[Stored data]
== Segment start ==

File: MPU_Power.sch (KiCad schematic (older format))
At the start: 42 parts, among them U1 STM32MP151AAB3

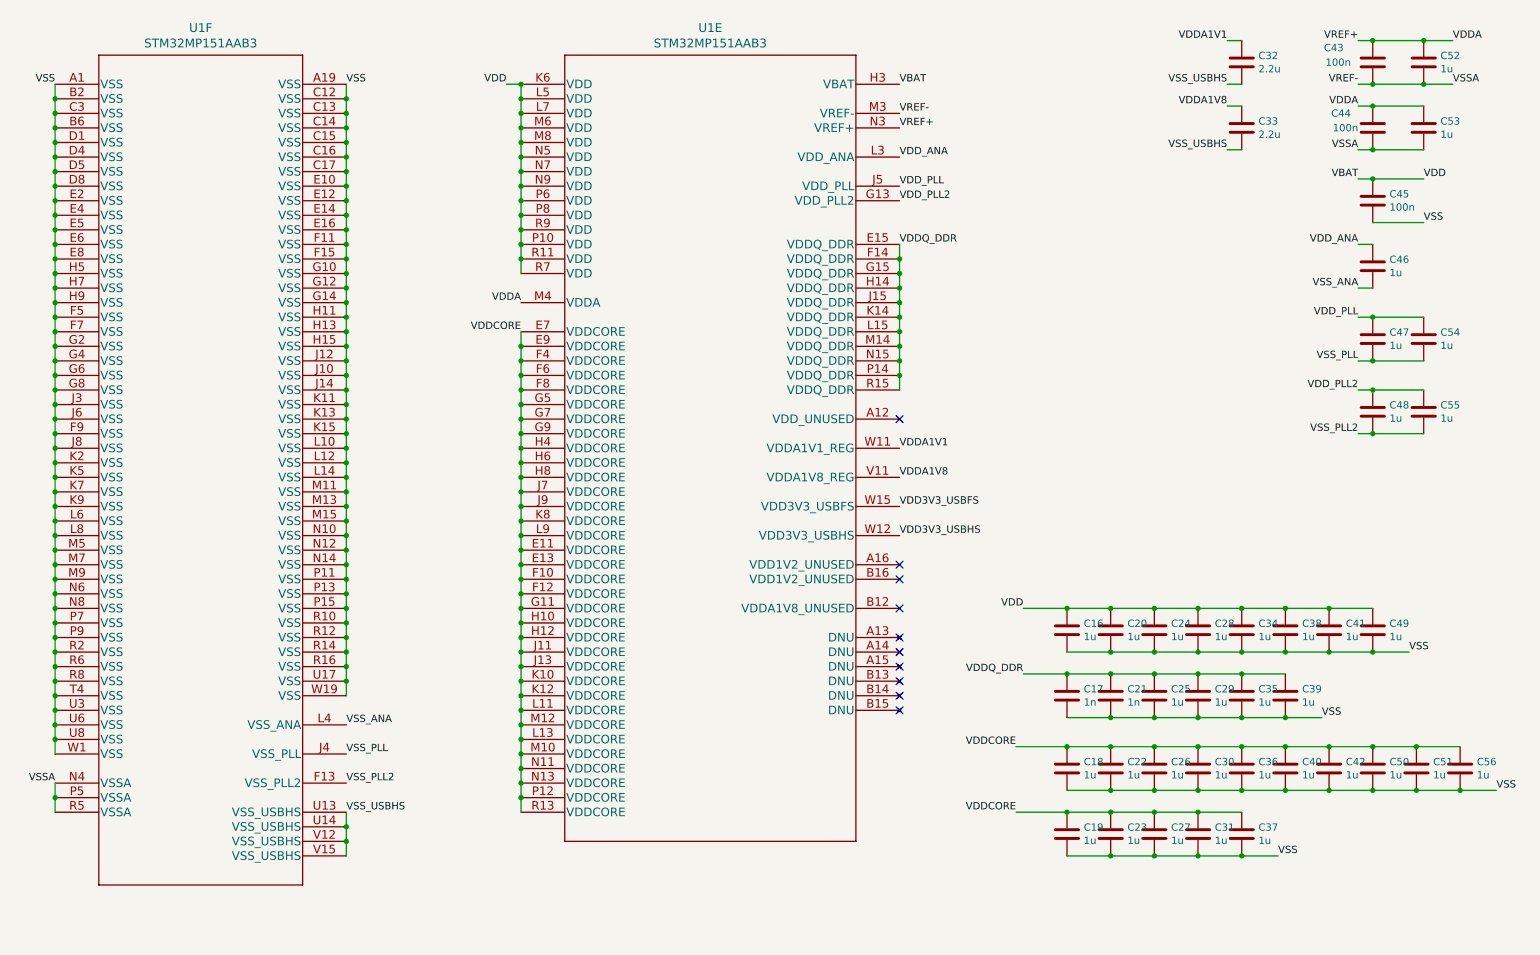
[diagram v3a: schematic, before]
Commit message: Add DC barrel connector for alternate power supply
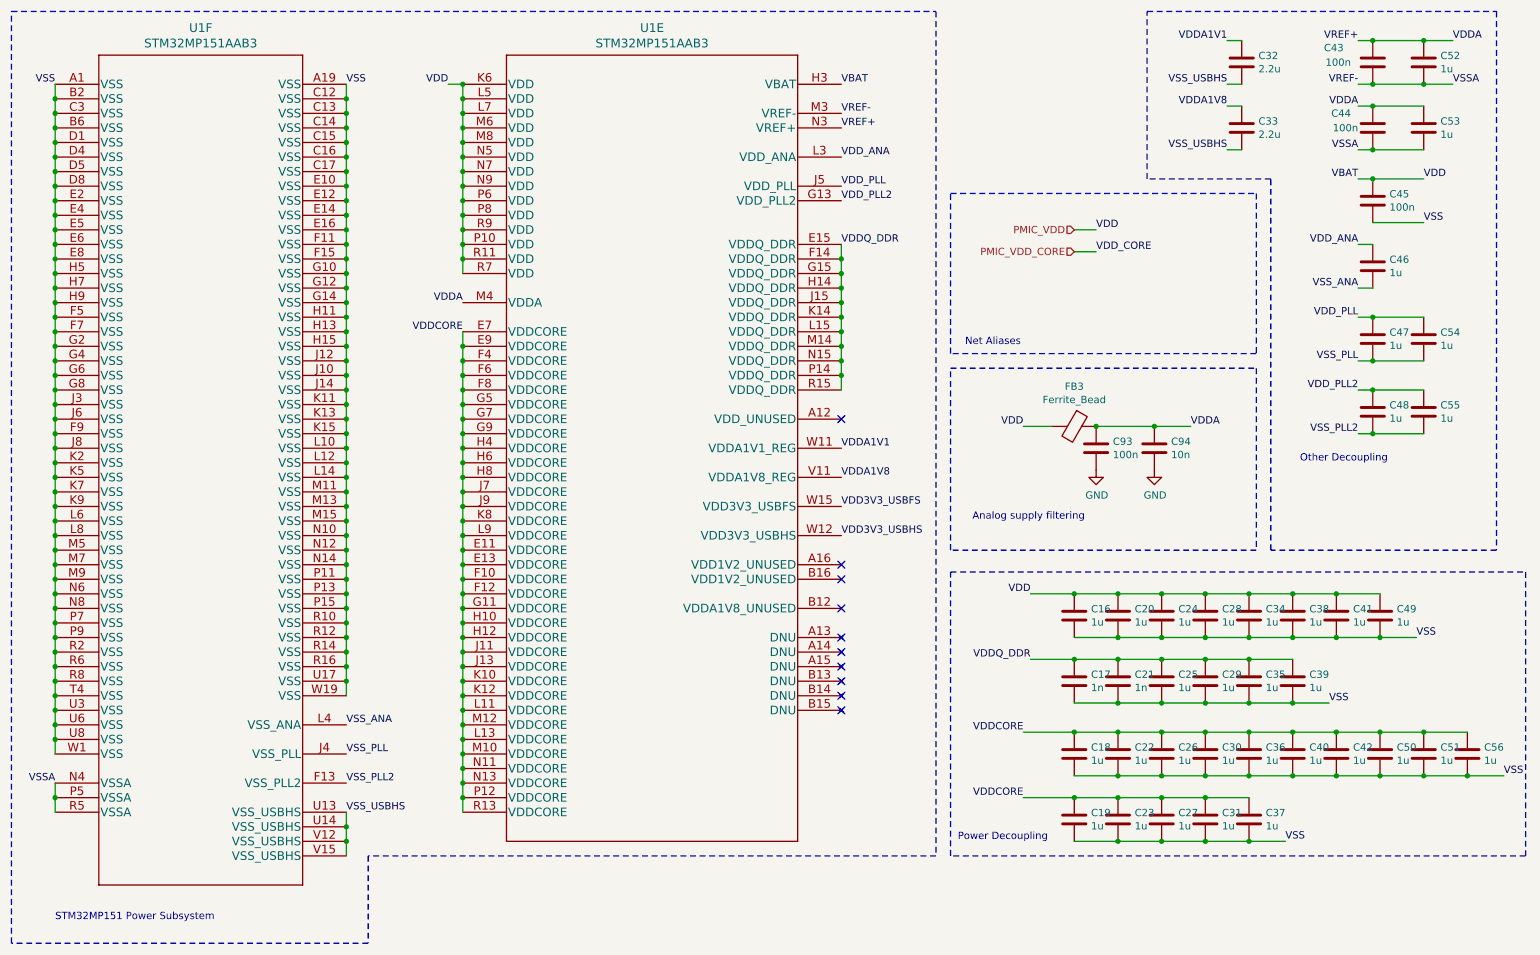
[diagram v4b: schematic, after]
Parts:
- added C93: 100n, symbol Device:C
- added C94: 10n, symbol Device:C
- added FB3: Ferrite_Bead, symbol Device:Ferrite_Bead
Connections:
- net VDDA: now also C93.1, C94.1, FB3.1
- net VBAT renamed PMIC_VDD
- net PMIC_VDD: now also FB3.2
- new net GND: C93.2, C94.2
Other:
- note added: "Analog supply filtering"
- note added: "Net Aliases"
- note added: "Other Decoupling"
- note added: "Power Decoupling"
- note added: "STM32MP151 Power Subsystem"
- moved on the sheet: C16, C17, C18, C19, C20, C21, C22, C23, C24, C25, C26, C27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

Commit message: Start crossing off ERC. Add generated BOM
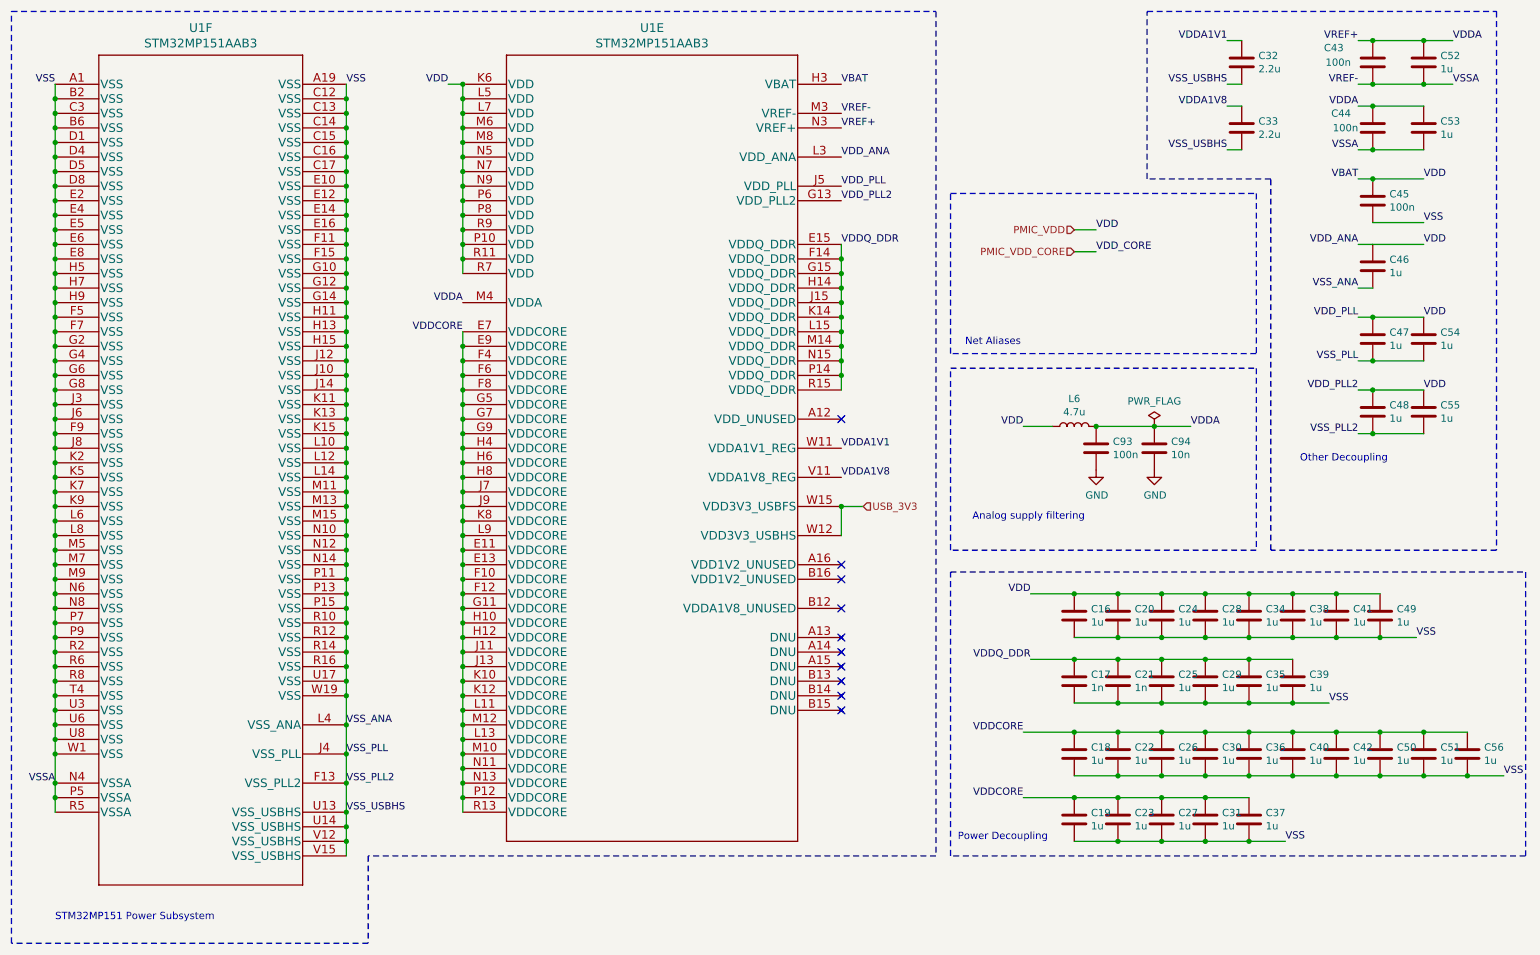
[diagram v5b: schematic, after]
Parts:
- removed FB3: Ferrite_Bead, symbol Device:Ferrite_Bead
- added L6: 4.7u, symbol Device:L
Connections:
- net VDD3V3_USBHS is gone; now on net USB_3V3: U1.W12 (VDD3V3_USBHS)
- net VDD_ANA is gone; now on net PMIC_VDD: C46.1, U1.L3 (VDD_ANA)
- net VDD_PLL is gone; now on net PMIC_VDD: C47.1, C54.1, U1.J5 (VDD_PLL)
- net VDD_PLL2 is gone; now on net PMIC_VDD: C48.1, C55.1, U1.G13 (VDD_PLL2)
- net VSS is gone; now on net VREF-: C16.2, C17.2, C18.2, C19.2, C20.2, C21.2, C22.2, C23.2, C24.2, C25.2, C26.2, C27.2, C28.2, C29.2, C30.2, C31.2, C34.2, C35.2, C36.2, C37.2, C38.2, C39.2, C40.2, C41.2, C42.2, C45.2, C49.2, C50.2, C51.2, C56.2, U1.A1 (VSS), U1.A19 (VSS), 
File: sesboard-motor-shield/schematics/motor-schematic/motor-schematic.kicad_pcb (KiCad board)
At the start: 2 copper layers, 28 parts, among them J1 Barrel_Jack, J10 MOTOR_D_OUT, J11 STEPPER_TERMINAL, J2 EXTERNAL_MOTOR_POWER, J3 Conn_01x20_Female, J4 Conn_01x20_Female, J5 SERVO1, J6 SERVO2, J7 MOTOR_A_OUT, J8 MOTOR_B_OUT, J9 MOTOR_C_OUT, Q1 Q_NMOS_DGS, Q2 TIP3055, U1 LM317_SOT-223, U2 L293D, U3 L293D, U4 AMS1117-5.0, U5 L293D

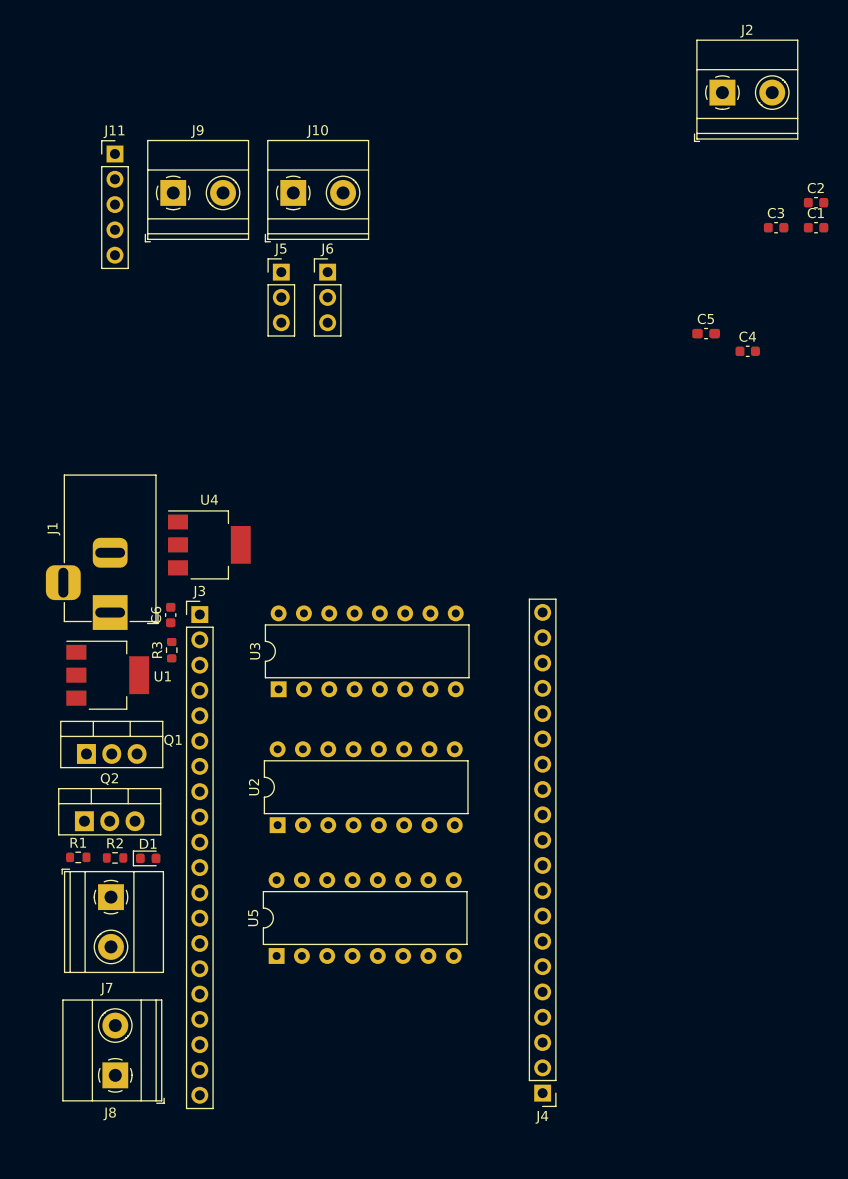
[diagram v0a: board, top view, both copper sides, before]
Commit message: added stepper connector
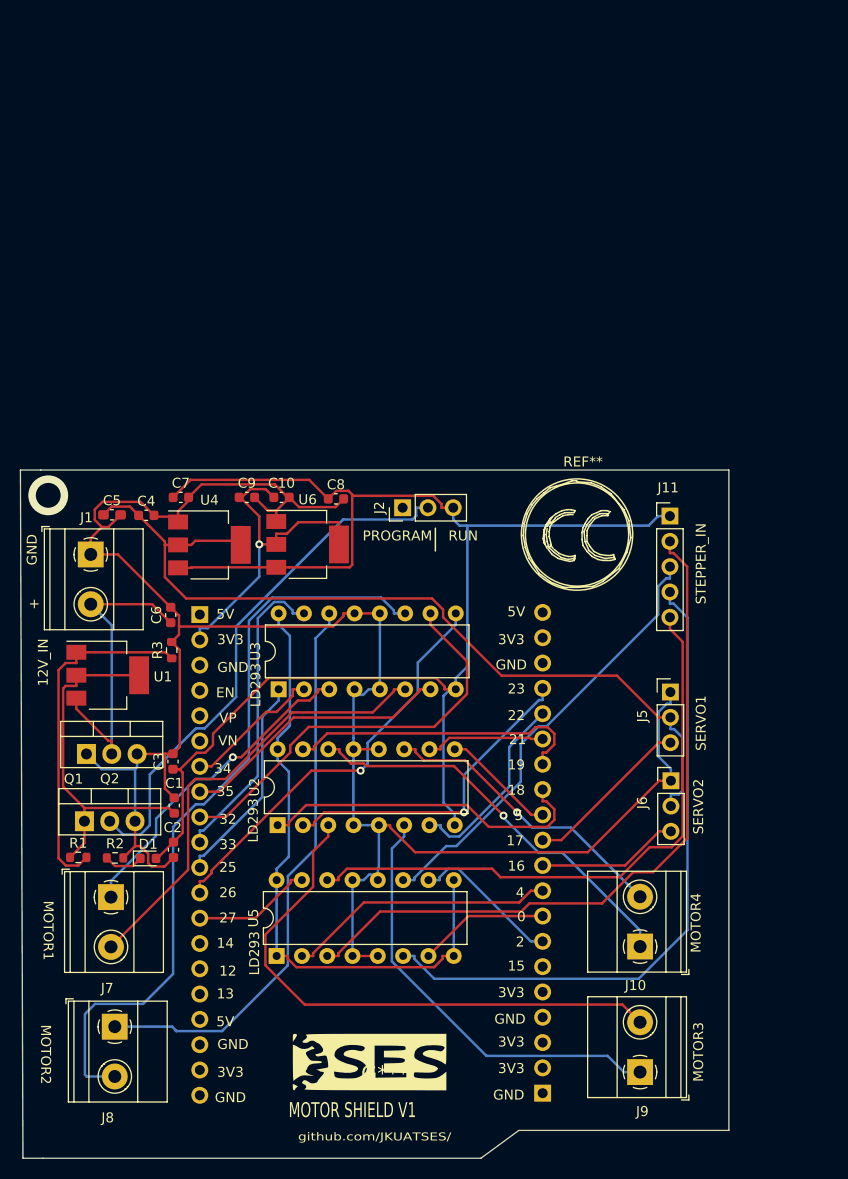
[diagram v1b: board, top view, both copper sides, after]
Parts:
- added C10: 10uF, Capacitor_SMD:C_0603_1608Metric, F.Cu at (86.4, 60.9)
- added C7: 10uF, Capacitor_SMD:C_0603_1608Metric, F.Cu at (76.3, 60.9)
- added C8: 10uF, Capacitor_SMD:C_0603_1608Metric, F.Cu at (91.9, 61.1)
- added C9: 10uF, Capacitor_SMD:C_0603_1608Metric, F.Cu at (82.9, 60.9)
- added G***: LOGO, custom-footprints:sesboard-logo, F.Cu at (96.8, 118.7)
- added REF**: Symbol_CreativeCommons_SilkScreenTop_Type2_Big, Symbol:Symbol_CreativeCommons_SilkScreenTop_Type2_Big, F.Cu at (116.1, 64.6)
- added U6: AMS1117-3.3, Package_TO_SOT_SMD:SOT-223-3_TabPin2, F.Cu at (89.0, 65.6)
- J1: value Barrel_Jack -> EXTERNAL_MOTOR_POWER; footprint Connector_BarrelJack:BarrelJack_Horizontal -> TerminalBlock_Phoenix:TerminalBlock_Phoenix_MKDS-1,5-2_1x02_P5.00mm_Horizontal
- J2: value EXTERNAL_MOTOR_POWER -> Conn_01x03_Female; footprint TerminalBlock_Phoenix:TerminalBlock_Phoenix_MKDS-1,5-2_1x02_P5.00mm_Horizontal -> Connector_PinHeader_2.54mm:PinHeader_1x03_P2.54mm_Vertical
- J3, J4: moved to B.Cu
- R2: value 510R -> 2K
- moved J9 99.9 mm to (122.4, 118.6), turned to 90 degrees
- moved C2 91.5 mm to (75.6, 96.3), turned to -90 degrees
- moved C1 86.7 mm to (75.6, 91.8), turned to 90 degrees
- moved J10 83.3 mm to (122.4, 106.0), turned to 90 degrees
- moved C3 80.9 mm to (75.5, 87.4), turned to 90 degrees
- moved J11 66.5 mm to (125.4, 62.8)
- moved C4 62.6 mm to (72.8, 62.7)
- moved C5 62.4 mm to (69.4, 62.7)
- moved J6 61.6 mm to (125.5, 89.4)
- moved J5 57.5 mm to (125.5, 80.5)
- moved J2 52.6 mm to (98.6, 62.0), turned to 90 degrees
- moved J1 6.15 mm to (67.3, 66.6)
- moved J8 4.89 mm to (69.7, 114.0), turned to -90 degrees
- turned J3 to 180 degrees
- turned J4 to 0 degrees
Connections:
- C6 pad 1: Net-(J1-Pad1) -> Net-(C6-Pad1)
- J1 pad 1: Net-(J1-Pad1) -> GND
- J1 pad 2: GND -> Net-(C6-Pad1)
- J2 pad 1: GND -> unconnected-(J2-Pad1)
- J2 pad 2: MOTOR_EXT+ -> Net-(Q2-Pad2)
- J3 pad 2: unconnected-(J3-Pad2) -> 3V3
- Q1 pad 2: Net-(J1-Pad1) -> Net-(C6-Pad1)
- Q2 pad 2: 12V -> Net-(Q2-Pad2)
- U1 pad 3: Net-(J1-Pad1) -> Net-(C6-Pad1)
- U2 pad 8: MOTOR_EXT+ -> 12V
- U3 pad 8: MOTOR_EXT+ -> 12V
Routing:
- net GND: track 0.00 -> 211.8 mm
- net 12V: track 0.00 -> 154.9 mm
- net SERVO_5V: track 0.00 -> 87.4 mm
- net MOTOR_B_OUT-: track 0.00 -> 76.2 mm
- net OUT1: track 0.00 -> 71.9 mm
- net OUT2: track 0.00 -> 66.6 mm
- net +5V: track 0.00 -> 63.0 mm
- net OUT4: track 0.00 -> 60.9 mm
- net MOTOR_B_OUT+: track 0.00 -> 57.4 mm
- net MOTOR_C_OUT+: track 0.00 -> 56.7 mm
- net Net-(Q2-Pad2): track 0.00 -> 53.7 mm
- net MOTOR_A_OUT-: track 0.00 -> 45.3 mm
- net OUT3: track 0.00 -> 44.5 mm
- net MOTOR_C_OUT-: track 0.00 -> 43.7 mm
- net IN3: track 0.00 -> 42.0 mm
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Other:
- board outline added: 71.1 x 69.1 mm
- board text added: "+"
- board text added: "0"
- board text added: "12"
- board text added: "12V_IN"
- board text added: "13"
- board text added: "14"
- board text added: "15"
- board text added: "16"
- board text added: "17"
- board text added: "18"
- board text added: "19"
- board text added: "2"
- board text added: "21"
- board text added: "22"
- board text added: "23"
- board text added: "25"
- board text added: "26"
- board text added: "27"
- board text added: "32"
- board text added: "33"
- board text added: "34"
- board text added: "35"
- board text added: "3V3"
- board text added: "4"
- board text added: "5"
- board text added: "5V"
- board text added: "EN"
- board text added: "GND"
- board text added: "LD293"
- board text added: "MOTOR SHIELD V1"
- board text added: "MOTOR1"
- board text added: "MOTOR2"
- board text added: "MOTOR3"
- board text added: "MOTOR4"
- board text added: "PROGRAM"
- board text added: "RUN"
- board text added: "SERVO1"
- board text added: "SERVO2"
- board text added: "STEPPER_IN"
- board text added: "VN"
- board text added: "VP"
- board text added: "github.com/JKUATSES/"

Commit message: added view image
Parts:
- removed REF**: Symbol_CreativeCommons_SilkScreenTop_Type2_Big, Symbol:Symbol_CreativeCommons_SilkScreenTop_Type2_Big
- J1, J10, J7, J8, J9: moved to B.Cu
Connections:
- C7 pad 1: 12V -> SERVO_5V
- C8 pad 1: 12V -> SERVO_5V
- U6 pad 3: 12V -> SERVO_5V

== Segment end ==

Your answer should be a single number: the count of lines in the entries that contain the word "Commit".

* **Exercise result**
4